April 6 – 30, 2022  at Photography Gallery (Vasario 16-osios st. 11, Panevėžys)

 The exhibition features photographs from the personal photoarchives of partisans, which were restored by the Lithuanian photographer Stanislovas Bagdonavičius. This is the unique series of photographs printed from the original negatives reflecting the life of the partisans of Panevėžys region of 1945-1953.

After the Soviet Union occupied Lithuania in 1944 for the second time, tens of thousands of patriots went to the battle with the oppressors. The activity of partisan units were regulated by their respective statutes and regulations, and those who were joining the partisan ranks took an oath. Most partisans wore military uniforms with identifying and distinctive patches.

Resistance to the occupants, also known as the Lithuanian war, resistance, or partisan war, lasted more than 10 years. During the entire period of an active armed resistance there were no less than 50 thousand people, and the entire resistance movement involved about one hundred thousand citizens of Lithuania as the members and supporters of the underground organisations. In this war more than 20 thousand partisans were killed.

The negatives that captured the partisans of the Panevėžys region were hidden for many years, because during the Soviet era people were facing torture, exile, or even death for their keeping. In 1988, this priceless treasure got into hands of S.Bagdonavičius.  It took a jeweler’s thoroughness for the photographer to transfer the image from the damaged negatives into the photographic paper. Later, the researcher of the Lithuanian partisan war history, Romas Kaunietis, identified the identities of most of the partisans captured in the photographs and their fighting friends – photographers.

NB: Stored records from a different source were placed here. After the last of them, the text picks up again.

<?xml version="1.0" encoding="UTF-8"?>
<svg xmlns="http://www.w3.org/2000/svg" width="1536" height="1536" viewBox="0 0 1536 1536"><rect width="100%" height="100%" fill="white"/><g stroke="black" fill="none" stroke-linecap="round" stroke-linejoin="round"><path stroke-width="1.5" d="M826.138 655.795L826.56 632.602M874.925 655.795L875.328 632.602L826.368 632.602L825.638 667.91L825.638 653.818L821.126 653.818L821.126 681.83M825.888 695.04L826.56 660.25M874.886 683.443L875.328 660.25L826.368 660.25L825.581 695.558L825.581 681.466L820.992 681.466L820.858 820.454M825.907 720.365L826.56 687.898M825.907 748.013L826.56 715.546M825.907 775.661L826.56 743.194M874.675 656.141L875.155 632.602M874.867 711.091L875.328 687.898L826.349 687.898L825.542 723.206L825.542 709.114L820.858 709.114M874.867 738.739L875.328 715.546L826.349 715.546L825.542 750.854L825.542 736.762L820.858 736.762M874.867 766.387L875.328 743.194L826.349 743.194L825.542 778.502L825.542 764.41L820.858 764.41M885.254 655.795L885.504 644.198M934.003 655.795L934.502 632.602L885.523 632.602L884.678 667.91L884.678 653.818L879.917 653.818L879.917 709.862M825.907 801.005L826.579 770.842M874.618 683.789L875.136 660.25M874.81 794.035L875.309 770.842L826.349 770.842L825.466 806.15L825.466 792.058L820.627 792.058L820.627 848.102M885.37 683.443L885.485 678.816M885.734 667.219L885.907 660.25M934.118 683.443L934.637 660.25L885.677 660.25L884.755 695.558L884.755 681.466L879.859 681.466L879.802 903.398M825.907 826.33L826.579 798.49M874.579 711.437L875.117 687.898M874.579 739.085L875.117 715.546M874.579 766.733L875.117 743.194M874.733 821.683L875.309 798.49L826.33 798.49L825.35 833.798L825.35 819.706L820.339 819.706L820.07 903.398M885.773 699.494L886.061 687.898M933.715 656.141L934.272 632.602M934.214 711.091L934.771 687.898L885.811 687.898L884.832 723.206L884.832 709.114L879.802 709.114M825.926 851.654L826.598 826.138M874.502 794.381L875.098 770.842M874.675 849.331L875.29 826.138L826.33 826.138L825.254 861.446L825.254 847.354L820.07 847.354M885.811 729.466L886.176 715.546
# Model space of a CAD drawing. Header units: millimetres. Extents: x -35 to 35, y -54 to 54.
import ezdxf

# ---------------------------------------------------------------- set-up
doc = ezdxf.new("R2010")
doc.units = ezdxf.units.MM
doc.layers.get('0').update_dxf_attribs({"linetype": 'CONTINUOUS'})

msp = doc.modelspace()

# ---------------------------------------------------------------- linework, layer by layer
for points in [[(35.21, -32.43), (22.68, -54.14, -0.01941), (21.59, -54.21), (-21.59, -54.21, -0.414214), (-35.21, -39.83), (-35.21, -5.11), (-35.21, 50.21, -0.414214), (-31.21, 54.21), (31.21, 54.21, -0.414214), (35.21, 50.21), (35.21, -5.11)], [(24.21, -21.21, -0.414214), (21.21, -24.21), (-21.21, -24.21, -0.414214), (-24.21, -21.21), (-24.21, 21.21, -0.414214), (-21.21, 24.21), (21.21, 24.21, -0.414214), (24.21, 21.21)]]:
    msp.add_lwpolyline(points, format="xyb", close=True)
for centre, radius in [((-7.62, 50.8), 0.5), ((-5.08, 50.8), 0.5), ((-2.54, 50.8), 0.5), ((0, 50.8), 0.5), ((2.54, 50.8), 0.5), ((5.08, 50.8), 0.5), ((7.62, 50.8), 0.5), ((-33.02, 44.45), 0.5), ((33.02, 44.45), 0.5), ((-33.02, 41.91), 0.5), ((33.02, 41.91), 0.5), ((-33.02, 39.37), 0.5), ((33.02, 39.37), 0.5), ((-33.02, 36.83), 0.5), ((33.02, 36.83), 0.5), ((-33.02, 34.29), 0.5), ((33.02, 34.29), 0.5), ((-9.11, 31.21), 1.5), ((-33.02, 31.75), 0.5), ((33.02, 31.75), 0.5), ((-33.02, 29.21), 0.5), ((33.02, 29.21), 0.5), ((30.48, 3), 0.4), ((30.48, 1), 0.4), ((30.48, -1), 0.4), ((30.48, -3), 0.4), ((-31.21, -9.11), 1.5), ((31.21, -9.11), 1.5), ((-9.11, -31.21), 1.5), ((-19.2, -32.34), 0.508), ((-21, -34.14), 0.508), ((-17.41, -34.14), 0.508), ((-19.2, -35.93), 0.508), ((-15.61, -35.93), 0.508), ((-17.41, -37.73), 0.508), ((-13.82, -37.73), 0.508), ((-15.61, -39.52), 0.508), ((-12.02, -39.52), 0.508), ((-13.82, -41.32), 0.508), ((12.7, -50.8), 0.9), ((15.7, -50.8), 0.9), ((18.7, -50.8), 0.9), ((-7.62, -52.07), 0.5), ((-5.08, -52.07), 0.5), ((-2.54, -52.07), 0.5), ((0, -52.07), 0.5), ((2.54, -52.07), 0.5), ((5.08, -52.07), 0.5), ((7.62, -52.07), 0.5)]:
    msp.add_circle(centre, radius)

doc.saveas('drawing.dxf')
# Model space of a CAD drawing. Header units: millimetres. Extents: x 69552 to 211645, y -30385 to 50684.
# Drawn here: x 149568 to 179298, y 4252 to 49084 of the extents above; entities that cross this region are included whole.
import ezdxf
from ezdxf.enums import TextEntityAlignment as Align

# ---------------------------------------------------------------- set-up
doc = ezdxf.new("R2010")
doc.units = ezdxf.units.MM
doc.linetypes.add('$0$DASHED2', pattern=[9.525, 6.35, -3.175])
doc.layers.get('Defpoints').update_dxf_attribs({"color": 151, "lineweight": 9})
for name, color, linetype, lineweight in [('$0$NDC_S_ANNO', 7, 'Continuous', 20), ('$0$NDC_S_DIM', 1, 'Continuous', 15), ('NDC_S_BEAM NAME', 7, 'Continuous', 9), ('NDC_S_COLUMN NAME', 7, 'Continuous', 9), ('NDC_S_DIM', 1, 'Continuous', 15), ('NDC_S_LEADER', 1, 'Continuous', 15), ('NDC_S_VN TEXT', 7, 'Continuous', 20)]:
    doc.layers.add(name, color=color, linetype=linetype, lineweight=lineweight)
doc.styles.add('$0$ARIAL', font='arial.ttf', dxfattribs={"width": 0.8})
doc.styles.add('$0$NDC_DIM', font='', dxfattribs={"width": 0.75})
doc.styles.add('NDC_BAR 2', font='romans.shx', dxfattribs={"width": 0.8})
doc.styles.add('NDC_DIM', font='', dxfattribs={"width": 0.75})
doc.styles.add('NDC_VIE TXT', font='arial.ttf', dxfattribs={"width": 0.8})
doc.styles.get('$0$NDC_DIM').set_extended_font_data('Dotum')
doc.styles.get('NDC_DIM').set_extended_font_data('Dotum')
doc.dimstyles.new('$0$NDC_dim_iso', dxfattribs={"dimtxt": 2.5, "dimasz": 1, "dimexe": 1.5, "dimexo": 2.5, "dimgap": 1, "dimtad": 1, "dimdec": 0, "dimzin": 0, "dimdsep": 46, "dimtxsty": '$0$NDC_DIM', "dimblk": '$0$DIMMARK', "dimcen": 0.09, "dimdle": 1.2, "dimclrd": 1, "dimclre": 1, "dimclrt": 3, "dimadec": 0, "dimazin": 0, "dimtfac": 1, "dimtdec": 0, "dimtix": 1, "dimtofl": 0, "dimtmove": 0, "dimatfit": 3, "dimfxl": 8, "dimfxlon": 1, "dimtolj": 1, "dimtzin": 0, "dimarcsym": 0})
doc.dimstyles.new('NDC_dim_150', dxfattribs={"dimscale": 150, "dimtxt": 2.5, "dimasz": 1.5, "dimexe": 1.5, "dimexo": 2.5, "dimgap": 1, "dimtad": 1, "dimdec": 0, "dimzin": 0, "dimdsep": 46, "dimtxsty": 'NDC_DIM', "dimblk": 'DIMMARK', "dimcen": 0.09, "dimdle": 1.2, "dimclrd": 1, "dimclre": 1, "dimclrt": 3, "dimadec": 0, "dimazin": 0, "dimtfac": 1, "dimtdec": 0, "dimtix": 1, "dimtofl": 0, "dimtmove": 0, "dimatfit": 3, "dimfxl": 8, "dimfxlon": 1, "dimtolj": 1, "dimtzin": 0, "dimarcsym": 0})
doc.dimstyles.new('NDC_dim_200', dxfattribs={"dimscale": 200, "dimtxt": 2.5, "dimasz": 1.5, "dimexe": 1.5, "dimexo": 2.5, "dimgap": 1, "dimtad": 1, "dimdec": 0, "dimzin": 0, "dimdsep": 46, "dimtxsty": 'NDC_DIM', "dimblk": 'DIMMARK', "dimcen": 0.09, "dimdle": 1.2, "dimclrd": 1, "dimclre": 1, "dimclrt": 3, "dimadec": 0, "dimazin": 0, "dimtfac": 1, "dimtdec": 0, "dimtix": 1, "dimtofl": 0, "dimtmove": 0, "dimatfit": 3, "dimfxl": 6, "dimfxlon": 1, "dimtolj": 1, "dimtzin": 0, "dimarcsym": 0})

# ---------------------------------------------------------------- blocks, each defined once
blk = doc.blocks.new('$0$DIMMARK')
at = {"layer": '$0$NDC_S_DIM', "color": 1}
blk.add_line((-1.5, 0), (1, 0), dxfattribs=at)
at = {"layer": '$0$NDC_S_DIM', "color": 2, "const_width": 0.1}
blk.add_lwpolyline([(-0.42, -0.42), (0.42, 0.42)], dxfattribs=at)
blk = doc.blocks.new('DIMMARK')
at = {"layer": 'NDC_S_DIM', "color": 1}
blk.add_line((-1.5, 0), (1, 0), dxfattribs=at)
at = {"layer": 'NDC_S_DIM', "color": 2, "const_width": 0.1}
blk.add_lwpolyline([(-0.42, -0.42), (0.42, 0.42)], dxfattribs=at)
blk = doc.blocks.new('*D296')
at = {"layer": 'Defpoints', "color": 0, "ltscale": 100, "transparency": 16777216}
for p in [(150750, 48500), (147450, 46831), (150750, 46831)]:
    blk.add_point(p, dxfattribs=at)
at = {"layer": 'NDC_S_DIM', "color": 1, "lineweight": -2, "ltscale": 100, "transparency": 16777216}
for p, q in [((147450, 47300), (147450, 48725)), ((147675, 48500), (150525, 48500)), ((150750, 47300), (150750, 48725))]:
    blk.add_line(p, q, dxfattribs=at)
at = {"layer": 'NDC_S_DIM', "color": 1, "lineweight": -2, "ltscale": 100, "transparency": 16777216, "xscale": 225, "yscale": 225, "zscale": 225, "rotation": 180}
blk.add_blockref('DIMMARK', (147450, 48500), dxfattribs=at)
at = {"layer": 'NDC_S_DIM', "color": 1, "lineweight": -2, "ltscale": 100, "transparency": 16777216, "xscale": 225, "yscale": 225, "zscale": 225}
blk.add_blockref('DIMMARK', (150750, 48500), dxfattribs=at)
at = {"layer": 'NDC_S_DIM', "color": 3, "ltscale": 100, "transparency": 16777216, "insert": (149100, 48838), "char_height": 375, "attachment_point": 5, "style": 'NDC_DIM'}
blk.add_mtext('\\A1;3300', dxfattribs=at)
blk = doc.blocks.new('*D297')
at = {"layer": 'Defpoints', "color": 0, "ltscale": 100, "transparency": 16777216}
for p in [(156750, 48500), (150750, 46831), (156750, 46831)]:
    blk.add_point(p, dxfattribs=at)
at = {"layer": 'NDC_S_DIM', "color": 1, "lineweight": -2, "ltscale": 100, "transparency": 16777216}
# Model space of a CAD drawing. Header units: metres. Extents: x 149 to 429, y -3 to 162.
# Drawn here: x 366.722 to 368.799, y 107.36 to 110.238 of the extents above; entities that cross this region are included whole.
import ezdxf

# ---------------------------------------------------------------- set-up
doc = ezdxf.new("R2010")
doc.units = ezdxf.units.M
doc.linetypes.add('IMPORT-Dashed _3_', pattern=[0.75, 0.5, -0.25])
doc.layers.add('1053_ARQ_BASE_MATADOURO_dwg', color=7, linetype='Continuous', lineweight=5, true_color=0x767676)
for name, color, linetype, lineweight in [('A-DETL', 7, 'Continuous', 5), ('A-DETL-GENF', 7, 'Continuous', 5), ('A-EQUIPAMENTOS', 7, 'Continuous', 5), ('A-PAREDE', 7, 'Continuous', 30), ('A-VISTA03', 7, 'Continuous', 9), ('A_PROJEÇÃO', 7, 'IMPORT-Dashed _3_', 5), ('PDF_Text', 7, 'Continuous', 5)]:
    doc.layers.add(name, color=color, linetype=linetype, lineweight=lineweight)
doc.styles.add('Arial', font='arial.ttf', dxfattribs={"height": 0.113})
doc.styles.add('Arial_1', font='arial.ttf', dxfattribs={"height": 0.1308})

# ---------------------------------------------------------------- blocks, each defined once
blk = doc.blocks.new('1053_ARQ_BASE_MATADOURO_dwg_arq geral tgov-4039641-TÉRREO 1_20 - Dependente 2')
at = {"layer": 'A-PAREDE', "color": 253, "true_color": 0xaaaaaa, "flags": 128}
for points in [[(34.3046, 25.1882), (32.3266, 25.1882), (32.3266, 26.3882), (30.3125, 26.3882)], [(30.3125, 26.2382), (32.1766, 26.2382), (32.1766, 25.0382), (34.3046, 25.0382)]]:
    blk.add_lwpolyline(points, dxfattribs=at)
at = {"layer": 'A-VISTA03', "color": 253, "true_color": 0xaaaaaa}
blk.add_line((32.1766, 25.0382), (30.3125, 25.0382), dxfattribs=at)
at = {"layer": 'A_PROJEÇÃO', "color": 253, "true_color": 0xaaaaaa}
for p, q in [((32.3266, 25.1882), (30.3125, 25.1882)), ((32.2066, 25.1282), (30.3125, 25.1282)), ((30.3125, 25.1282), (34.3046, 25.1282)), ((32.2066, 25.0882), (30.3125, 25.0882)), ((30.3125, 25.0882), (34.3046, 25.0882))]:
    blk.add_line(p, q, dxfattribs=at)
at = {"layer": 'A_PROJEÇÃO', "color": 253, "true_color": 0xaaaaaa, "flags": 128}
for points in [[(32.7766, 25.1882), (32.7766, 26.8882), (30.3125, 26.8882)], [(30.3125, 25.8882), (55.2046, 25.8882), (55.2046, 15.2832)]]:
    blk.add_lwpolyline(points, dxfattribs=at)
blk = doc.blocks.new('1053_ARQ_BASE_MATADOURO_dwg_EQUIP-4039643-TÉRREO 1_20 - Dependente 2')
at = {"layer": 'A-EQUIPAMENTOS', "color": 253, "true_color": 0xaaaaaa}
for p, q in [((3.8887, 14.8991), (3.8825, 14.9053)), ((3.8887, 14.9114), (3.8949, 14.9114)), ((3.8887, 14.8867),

One of the photographers – the partisan Antanas Žygas, nicknamed Aptiekorius (the pharmacist) – had a German medium format camera and photographed the daily life of partisans who were active in the Green forest near the city of Panevėžys. Later he was arrested, convicted, and shot to death. The negatives were kept by partisans buried deep in the ground in a bunker, inside of a tar covered milk can. The bunker was blown up, and the earth was hiding the secrets of the freedom fighters for a long time. After many years, another surviving partisan dug out the hiding-place and this way the unique negatives saw a light of the day.

Another photographer – Kazys Juknevičius, a communication officer for partisans who fought in the forests of Kupiškis region. He built bunkers for partisans, created shelters, was one of the main suppliers of the squad and also photographed with a photo camera “Moskva-5”. The communication officer was betrayed and imprisoned for a long time in Russian prison camps. Negatives were hidden in a peat factory, in one of the handrails of the staircase on the second floor. In 1964, the factory burned down to the ground, while the residents were allowed to use the unburnt wood for fuel.  Precisely in the heap of sawdust, surviving by a miracle, the negatives that were wrapped in the newspaper, were found.

“Partisans signed for freedom of their homeland in blood – thousands of young men from villages and intellectuals who refused to serve to the oppressor. Each day they were accompanied by death and uncertainty, hope, and the unknown. For 10 years they have turned the bunkers and forests into their way of life, during their hungry days feasting on songs, poems, and the bread grown by the fearless patriot farmers. The things that the partisans did for the survival of the nation are phenomenal, since the power of the oppressor has been weakening for 10 years, while at the same time sending the message for the future generations that next to the occupied Lithuania, a free Lithuania was alive in the forests and bunkers. When I exhibited the photographs for the first time in 1990, people recognized in them their own brothers, uncles, classmates, neighbours, and some of them even themselves – the fearless partisans with weapons in their hands, defending the Homeland, homesteads of their own and their parents” says the photographer Stanislovas Bagdonavičius.

The exhibition “Partisans of Panevėžys region: 1945–1953” was exhibited at the National Military History Museum of Ukraine in Kyiv in 2018. The exhibition was presented at the “Legio Historica” festival in Kherson and exhibited at the Oles Honchar Kherson regional universal scientific library in 2019.

The exhibition in Ukraine was supported by the Panevėžys City Municipality.

Photo:

Partisans Juozas Šomka-Čerčilis, Juozas Galiauskas-Martinas and Stasys Kulys-Briedis.